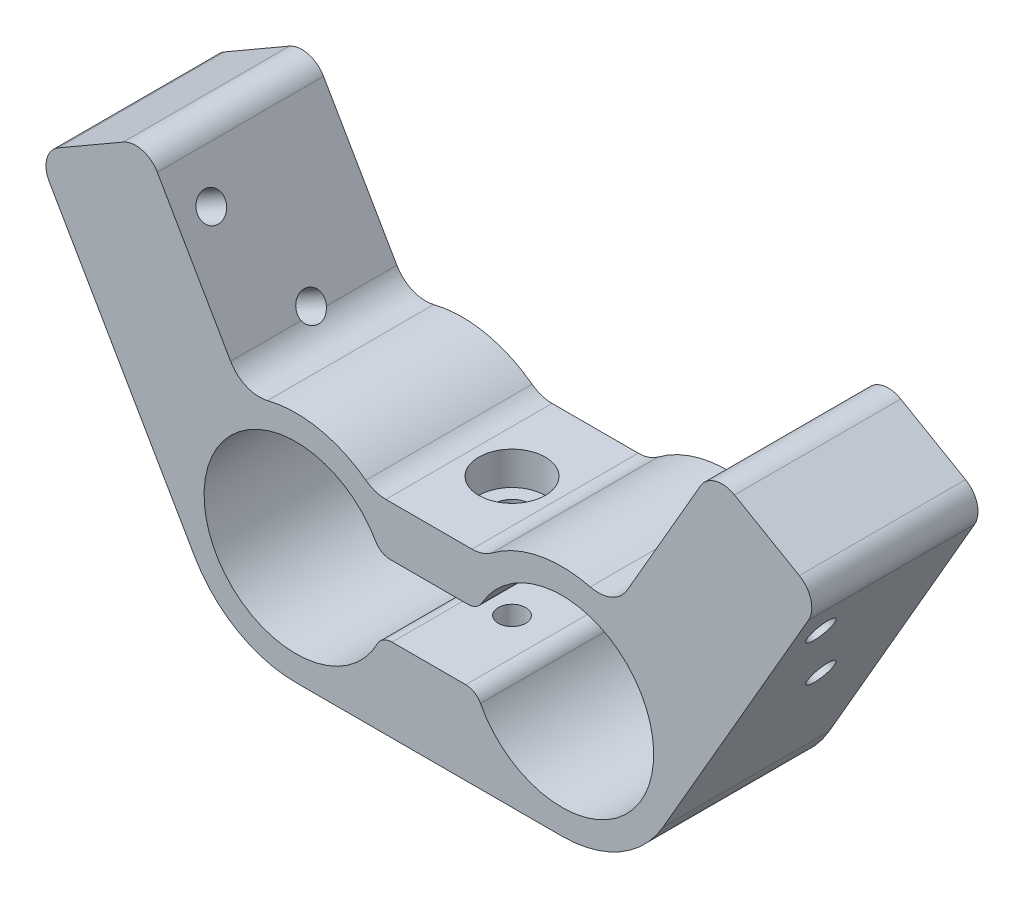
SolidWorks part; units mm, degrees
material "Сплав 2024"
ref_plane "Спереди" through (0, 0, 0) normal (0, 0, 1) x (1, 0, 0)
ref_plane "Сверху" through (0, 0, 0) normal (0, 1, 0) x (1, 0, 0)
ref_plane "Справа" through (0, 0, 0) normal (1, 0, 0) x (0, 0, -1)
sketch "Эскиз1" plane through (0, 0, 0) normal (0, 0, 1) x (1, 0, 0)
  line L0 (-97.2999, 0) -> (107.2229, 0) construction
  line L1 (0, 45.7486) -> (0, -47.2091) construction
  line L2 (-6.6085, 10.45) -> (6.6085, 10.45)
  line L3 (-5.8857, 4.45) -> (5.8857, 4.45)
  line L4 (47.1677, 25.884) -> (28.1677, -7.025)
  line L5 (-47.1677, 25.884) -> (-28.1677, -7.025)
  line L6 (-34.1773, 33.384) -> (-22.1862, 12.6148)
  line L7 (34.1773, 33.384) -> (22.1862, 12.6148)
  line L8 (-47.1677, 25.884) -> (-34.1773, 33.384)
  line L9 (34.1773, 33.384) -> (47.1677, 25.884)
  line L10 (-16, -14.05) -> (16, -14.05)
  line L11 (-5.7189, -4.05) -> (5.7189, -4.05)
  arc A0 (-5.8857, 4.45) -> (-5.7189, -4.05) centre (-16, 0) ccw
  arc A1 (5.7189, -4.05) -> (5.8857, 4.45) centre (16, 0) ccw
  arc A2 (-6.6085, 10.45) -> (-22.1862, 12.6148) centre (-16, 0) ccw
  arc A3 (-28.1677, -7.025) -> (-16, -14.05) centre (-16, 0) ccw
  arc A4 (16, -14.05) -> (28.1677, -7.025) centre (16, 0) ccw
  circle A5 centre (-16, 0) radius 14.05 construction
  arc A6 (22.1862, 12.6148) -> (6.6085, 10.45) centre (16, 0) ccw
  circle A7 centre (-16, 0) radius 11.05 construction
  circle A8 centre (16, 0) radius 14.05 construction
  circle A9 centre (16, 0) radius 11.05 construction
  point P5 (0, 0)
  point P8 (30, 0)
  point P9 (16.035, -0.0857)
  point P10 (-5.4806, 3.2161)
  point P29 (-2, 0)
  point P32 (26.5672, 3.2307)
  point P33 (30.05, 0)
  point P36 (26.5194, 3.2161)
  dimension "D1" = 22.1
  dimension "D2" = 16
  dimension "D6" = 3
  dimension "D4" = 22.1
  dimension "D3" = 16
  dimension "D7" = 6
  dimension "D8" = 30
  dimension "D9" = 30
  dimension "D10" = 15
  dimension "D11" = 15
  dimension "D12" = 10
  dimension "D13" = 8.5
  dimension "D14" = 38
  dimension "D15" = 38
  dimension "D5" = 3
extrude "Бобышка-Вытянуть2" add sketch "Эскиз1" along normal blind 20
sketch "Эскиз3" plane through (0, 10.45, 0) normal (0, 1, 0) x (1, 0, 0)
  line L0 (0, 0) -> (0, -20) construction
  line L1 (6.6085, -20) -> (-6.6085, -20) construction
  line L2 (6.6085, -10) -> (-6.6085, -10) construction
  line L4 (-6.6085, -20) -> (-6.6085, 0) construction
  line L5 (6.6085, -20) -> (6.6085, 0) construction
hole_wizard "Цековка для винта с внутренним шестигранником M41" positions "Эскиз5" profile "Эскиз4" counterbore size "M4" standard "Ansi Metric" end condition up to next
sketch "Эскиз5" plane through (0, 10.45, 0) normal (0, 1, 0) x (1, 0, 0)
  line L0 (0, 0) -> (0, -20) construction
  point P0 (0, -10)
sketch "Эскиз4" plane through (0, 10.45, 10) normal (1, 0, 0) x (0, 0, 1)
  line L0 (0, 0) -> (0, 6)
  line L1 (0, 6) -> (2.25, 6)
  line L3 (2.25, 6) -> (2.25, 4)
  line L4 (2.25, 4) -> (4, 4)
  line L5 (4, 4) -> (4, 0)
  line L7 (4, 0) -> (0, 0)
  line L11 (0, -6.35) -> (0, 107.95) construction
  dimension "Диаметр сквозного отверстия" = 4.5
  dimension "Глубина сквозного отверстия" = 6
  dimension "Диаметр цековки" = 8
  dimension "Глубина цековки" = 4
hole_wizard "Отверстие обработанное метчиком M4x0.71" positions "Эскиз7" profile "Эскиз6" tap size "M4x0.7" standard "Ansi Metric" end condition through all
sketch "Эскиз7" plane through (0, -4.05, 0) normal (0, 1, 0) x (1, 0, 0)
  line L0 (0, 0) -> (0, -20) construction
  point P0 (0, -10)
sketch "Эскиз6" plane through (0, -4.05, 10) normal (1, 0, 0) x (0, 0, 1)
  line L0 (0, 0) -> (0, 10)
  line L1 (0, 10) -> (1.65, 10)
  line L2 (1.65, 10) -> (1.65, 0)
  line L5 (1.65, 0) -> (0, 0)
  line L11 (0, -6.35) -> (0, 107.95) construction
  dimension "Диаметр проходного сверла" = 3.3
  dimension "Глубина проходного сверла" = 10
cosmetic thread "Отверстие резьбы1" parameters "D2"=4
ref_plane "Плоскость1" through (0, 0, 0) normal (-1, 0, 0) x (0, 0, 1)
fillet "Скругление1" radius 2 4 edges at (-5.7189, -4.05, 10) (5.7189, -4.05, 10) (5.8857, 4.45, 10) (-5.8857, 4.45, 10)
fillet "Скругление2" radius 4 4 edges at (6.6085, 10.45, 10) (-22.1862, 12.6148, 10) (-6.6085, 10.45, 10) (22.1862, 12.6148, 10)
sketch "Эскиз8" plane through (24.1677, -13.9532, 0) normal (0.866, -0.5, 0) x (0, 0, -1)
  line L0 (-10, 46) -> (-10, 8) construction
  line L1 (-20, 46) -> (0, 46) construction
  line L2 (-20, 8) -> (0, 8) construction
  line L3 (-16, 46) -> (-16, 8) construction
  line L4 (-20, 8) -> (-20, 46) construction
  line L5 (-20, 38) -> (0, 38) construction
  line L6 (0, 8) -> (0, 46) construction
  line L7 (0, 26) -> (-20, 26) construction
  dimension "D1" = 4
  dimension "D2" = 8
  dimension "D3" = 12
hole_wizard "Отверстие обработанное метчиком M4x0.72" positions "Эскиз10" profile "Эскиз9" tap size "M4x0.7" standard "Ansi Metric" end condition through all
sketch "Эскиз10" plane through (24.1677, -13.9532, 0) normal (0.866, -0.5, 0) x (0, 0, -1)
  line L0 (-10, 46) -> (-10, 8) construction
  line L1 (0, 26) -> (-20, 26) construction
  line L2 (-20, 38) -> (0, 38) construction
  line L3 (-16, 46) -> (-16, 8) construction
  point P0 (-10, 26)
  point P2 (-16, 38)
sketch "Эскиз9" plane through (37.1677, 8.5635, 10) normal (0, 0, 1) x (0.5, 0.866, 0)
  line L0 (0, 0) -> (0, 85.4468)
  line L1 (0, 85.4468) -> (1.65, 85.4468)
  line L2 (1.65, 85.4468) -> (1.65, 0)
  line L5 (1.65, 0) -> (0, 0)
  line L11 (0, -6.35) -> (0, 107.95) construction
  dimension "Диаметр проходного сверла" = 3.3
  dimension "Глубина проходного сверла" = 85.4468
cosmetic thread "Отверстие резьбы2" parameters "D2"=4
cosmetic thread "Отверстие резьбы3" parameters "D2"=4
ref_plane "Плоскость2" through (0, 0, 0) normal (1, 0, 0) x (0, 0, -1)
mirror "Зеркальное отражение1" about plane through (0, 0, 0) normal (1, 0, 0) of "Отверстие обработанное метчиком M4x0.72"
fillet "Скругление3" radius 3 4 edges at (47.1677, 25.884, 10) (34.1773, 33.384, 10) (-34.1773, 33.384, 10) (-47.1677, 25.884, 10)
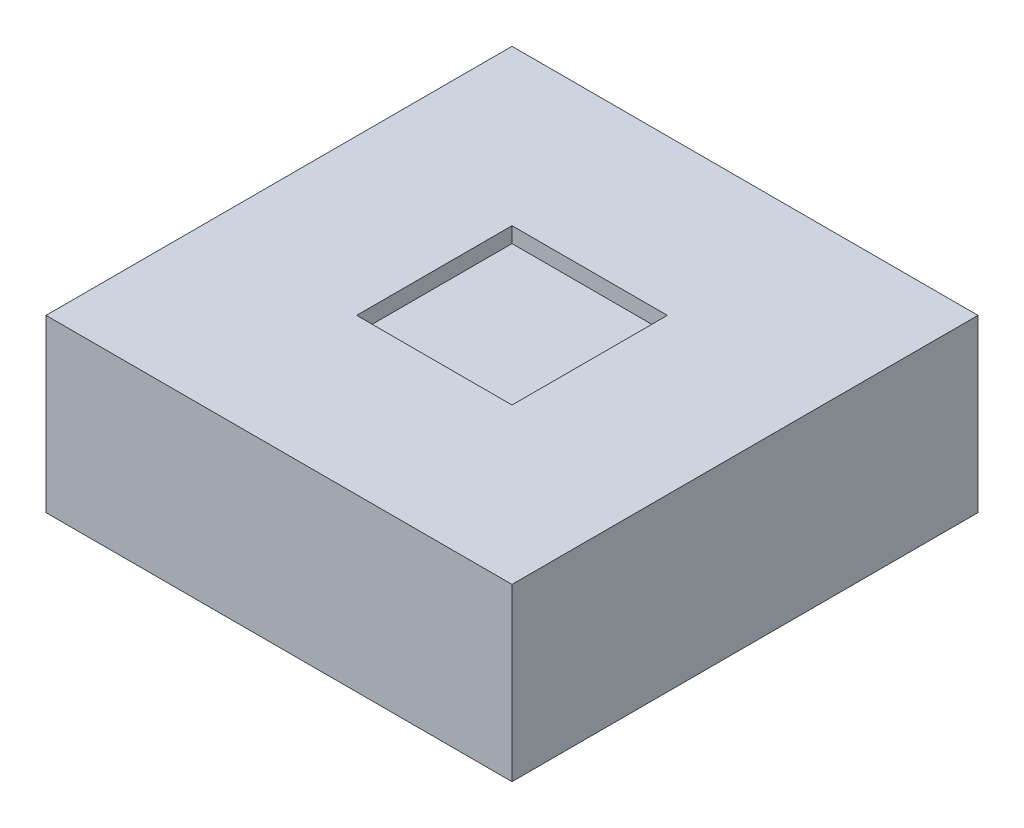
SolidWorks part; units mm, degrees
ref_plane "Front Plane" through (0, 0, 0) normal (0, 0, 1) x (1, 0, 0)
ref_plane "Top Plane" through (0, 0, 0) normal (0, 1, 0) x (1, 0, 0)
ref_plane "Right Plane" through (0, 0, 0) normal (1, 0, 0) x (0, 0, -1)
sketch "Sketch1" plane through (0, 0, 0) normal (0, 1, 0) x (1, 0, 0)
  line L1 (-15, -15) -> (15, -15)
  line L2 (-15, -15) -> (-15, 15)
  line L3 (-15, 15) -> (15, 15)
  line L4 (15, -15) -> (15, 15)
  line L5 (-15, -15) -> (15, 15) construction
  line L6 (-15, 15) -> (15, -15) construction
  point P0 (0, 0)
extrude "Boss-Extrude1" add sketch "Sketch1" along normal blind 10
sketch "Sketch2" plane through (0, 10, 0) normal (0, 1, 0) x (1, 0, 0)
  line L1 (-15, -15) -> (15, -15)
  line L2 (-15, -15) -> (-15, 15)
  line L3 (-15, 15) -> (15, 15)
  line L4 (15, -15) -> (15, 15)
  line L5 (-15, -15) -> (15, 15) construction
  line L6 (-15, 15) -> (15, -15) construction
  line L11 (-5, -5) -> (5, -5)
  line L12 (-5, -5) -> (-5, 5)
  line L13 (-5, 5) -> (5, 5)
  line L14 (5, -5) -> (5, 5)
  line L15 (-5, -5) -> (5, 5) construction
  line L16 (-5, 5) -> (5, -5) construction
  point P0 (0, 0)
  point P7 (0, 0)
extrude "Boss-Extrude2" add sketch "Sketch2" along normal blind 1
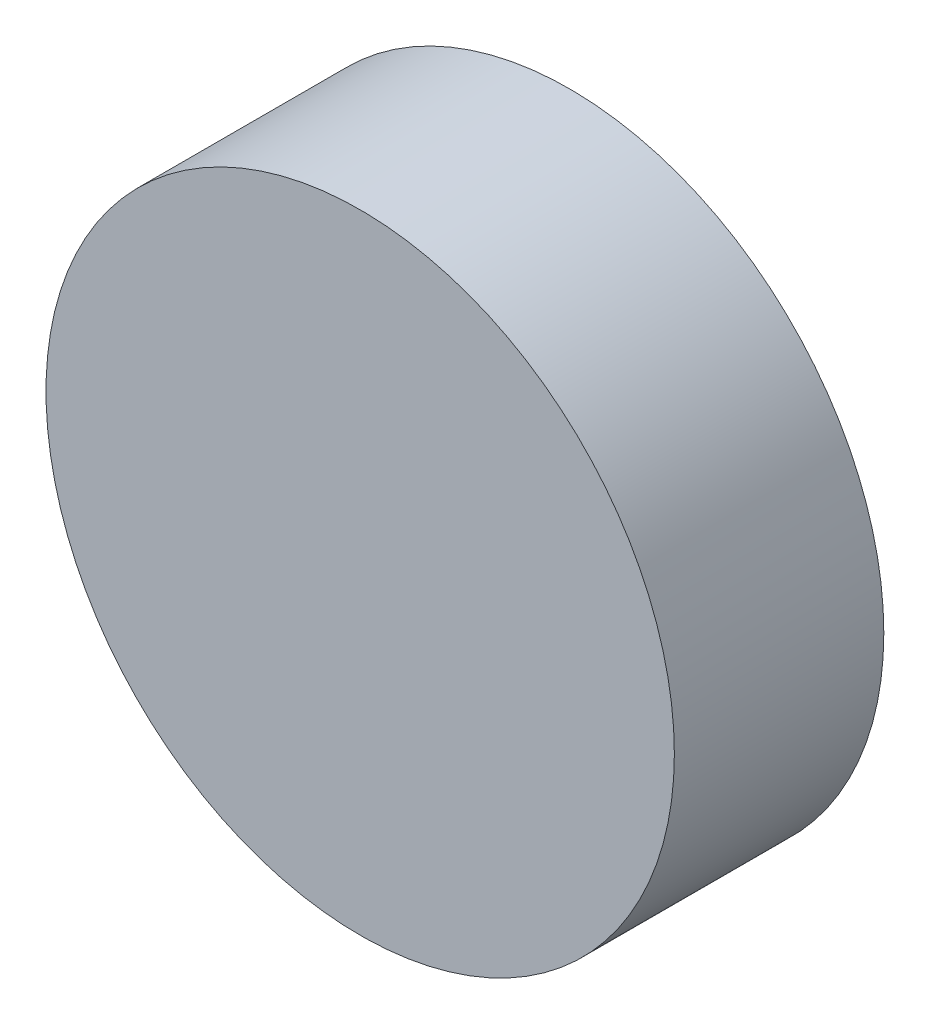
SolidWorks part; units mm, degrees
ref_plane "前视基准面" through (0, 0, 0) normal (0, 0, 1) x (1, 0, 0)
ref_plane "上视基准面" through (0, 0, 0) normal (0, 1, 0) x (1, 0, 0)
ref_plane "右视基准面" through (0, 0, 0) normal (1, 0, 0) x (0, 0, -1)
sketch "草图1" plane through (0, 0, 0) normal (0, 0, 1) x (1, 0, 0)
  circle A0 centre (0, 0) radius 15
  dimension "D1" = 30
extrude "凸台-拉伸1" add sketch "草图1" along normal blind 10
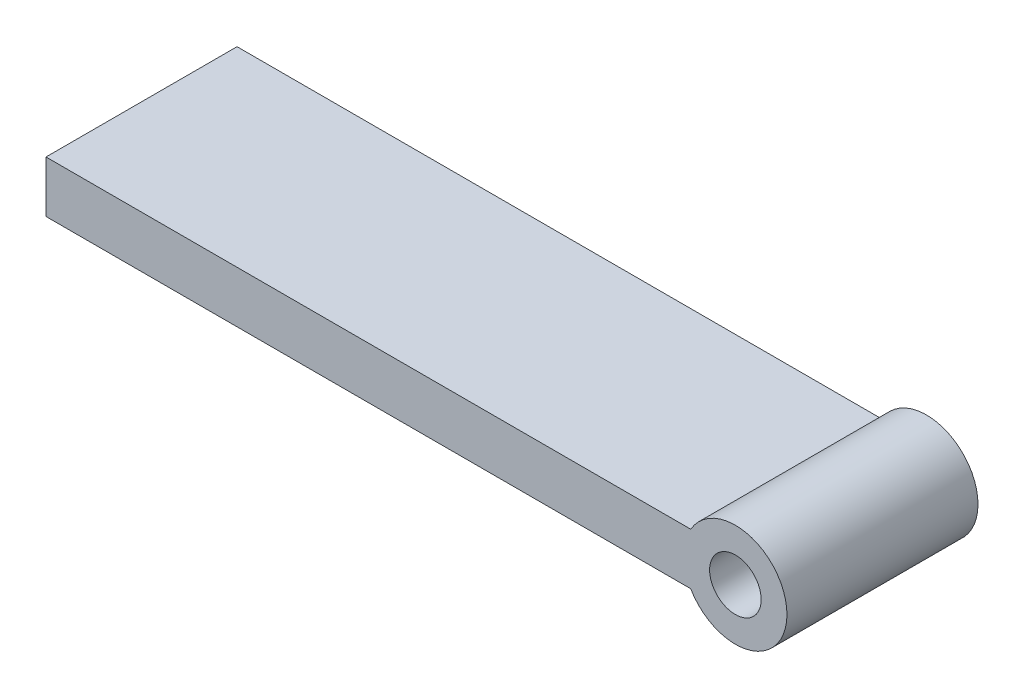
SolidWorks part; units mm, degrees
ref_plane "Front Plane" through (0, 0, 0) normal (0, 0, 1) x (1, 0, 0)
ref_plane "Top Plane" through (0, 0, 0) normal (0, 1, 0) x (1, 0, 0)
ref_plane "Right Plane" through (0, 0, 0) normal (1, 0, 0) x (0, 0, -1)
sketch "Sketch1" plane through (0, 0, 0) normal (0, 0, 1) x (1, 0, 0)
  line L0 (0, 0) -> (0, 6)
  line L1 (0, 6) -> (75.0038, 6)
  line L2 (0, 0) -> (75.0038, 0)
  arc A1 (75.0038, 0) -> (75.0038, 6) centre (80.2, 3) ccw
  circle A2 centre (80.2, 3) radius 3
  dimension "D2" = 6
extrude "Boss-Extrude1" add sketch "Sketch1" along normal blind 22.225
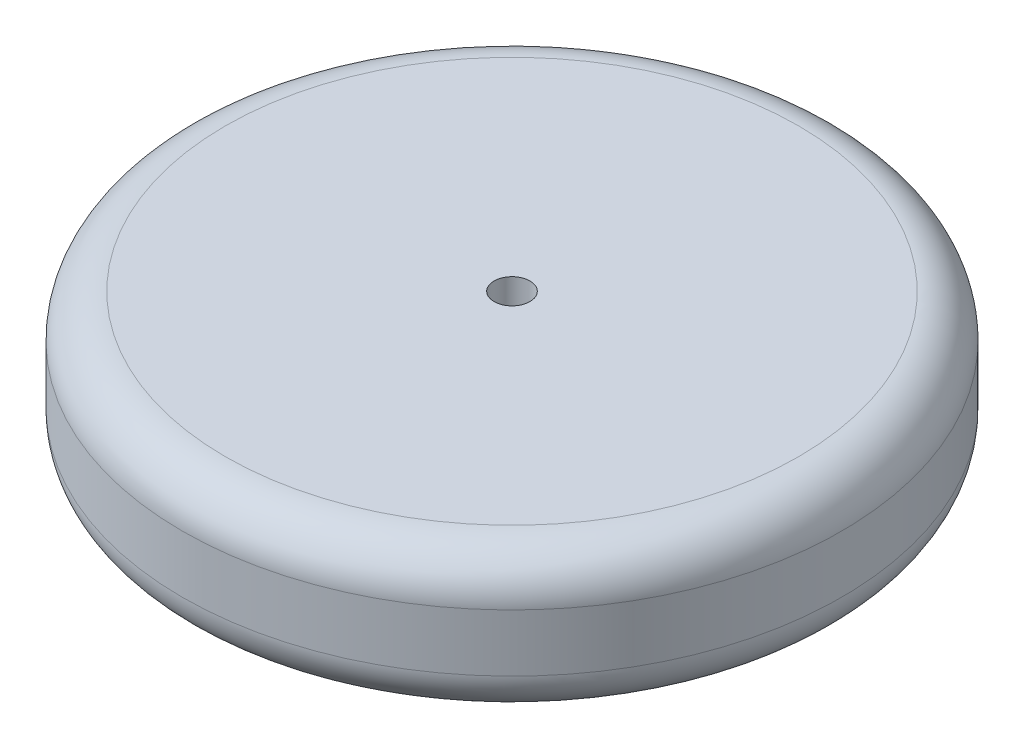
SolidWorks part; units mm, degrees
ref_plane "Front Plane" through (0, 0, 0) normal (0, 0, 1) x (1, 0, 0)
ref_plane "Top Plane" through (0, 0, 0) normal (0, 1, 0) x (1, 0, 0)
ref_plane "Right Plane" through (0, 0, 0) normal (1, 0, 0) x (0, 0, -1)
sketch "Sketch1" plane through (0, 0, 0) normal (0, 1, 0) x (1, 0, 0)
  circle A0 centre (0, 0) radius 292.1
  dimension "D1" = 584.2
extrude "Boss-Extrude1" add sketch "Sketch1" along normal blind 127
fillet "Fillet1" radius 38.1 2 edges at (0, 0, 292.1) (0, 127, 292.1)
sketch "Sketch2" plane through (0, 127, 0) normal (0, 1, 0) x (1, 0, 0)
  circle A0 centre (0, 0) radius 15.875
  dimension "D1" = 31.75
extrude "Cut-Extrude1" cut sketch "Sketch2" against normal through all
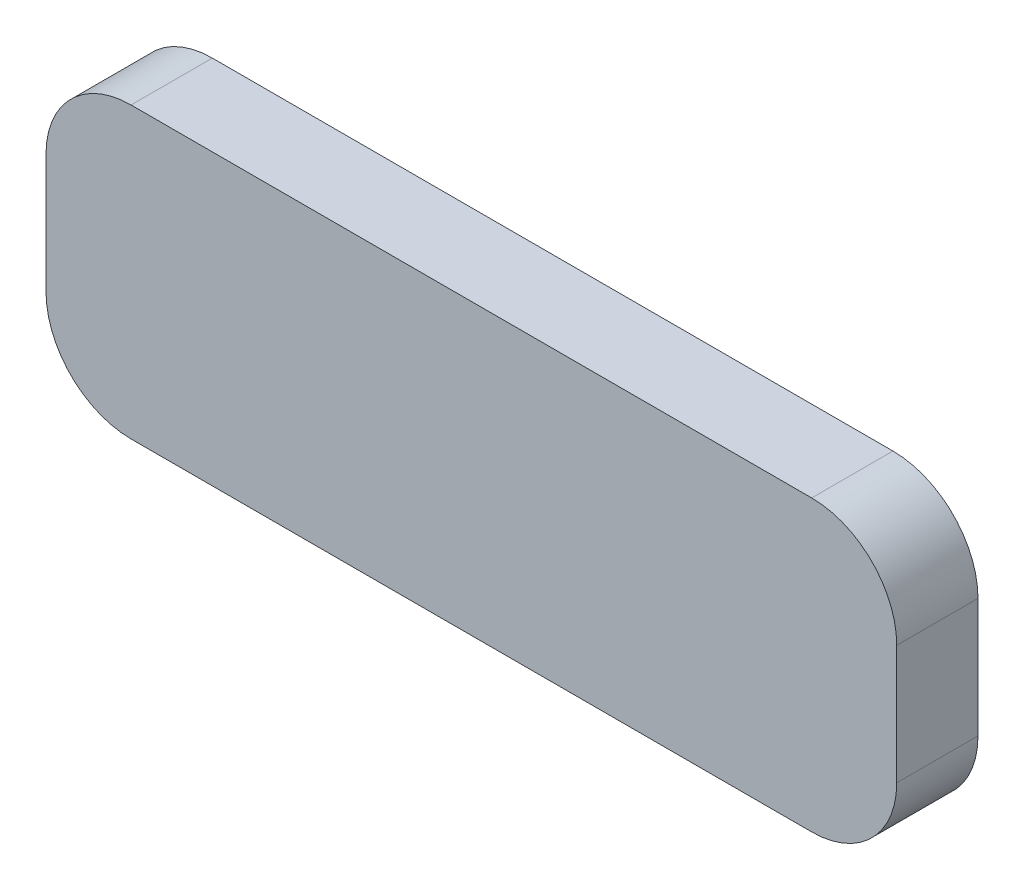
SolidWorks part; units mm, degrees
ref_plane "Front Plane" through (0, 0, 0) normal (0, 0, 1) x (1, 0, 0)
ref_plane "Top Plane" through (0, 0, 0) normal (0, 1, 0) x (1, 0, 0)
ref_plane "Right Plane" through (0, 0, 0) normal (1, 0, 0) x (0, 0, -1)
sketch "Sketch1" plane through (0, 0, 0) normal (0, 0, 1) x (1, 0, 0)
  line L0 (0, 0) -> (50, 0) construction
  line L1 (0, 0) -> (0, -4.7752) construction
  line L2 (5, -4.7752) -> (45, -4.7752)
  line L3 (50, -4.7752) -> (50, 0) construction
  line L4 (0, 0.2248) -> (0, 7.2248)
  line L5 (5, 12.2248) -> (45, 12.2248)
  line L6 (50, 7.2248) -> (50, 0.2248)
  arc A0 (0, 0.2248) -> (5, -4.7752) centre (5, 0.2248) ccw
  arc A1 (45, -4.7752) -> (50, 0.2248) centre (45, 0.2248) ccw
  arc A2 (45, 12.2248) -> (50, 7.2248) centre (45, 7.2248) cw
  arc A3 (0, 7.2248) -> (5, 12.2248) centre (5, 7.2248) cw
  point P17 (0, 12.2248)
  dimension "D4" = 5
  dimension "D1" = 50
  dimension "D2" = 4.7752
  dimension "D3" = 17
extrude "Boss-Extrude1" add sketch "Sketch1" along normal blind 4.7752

# Work to be completed:
For each line above that contains "отверстия", make a copy.

# Response area:
  dimension "Диаметр сквозного отверстия" = 4.5
  dimension "Глубина сквозного отверстия" = 6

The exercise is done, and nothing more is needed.